▸ **ABOUT THIS TASK**
Bring together all lines of the material below that contain the string "styles".

▸ **INPUT DATA**
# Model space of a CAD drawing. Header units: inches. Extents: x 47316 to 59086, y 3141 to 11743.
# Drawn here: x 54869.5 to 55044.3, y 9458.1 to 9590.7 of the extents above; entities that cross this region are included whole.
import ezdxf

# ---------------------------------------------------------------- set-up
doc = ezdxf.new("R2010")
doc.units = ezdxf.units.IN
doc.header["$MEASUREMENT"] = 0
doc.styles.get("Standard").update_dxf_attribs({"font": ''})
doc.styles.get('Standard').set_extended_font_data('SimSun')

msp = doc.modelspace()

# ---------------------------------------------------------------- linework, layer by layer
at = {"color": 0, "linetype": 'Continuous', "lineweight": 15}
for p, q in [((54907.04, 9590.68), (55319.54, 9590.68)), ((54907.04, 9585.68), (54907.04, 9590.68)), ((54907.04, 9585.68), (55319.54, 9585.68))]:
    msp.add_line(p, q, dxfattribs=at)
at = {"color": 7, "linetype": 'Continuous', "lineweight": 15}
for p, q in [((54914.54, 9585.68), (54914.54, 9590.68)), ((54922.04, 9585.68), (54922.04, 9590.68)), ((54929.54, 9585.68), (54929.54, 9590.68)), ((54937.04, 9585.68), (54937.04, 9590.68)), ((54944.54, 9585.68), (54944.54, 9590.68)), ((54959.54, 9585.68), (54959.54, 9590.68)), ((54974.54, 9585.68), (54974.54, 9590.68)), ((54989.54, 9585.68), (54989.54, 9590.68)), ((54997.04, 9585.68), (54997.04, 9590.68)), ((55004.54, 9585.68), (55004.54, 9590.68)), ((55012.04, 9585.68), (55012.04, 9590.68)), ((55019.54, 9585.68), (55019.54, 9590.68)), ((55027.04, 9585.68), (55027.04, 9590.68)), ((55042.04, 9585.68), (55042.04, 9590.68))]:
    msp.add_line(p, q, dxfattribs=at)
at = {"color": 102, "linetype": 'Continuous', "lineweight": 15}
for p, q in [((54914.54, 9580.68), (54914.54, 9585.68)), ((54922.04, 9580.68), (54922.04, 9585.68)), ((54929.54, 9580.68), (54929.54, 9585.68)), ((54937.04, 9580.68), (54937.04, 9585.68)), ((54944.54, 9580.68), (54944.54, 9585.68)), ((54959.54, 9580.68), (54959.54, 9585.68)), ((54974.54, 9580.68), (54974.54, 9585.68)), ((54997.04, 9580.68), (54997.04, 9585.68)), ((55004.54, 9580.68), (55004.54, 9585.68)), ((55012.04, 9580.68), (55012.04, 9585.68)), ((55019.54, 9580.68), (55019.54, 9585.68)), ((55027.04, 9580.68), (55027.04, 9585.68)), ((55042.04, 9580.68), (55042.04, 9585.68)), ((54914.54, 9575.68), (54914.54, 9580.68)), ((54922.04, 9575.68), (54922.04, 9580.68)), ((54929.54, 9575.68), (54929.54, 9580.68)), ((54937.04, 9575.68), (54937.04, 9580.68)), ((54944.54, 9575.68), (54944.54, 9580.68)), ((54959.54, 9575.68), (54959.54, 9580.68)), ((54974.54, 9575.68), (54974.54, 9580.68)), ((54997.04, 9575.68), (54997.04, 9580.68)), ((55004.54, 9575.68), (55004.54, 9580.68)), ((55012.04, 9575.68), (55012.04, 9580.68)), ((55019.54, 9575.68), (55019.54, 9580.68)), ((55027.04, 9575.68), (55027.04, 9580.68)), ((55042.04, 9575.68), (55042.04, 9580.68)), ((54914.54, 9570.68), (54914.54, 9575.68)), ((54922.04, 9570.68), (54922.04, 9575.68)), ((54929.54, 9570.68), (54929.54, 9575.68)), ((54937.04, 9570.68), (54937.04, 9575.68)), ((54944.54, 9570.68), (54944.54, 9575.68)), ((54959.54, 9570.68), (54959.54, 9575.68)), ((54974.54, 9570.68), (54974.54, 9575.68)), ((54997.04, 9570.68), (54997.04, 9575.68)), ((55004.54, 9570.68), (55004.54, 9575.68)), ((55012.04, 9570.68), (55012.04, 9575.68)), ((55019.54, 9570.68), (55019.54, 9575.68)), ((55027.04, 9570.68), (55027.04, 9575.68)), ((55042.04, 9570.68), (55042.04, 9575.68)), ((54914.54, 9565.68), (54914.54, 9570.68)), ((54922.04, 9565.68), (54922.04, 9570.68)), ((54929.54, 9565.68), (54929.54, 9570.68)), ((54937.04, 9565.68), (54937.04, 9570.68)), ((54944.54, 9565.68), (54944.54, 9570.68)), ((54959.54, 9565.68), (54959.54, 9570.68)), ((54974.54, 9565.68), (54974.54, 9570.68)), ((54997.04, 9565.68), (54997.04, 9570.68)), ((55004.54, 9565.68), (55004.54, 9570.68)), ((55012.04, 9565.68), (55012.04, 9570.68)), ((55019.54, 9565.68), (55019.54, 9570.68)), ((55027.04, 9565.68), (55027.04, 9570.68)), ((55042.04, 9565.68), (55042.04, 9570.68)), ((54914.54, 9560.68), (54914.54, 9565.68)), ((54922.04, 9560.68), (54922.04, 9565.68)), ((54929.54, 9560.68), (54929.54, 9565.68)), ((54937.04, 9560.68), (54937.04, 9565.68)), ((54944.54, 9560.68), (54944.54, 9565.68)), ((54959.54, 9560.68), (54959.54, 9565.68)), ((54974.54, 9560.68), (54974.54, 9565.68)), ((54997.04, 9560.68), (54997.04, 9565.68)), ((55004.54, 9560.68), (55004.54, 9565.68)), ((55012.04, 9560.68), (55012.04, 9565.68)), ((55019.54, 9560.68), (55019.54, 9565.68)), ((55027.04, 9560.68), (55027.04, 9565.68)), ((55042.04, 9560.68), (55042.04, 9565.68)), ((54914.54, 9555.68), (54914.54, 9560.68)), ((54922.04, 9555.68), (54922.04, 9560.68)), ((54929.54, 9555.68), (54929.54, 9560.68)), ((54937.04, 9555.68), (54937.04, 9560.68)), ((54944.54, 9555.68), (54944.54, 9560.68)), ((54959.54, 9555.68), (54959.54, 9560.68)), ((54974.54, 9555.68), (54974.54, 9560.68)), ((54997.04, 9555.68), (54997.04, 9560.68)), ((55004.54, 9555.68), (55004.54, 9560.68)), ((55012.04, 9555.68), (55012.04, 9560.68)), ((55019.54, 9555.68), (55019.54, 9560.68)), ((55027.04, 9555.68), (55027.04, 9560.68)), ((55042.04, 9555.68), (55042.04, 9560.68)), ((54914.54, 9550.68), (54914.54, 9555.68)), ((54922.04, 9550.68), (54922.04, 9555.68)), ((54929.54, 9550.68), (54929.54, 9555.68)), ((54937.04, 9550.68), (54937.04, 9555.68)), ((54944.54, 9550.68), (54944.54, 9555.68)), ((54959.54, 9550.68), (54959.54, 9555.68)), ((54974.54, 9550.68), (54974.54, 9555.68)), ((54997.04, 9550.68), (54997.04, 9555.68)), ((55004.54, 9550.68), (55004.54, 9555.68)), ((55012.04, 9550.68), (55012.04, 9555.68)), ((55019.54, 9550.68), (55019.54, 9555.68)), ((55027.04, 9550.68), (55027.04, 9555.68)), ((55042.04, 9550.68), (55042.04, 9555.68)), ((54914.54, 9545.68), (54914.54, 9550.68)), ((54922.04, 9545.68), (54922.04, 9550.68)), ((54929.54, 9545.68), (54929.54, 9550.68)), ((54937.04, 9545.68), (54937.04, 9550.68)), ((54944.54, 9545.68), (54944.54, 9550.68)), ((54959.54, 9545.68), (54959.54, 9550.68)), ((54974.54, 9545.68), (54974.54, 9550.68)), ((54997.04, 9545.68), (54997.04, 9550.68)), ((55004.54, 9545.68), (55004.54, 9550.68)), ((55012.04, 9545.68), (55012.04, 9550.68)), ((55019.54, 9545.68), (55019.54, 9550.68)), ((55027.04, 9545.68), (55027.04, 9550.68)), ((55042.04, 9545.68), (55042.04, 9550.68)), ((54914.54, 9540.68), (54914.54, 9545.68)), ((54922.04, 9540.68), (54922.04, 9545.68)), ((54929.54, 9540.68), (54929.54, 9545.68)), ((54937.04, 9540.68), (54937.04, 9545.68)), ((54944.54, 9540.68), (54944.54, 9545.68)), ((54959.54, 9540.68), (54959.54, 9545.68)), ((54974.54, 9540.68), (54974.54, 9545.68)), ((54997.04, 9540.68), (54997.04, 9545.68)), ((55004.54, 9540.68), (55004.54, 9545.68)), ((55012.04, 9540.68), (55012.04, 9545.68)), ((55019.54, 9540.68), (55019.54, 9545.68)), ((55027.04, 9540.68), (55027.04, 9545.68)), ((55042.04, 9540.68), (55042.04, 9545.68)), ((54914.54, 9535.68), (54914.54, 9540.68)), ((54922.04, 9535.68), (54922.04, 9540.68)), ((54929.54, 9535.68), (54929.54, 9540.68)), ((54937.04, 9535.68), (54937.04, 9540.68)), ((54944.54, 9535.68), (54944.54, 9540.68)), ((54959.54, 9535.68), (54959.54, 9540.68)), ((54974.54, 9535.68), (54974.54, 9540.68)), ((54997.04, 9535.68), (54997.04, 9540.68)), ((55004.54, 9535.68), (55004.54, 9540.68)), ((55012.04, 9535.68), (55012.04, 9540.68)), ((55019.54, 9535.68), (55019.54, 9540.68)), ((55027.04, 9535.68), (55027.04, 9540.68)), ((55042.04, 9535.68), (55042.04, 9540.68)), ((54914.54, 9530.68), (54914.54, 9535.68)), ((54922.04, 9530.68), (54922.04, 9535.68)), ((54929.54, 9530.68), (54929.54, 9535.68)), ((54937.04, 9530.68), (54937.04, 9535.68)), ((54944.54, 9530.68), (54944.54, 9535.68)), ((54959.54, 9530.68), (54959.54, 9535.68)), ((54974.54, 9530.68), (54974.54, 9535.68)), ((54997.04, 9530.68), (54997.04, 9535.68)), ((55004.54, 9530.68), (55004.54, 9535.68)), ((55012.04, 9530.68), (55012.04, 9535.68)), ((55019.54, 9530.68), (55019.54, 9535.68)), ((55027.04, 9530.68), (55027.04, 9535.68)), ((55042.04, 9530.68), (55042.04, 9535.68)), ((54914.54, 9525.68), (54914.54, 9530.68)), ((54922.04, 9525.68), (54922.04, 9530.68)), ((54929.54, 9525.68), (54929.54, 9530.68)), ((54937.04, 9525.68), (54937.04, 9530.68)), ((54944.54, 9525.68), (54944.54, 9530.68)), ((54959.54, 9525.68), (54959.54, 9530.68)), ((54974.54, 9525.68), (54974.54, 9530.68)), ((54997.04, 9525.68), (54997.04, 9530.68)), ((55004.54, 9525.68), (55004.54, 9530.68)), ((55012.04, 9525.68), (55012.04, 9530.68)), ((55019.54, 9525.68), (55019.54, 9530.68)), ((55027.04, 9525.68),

▸ **WRITTEN RESPONSE**
doc.styles.get("Standard").update_dxf_attribs({"font": ''})
doc.styles.get('Standard').set_extended_font_data('SimSun')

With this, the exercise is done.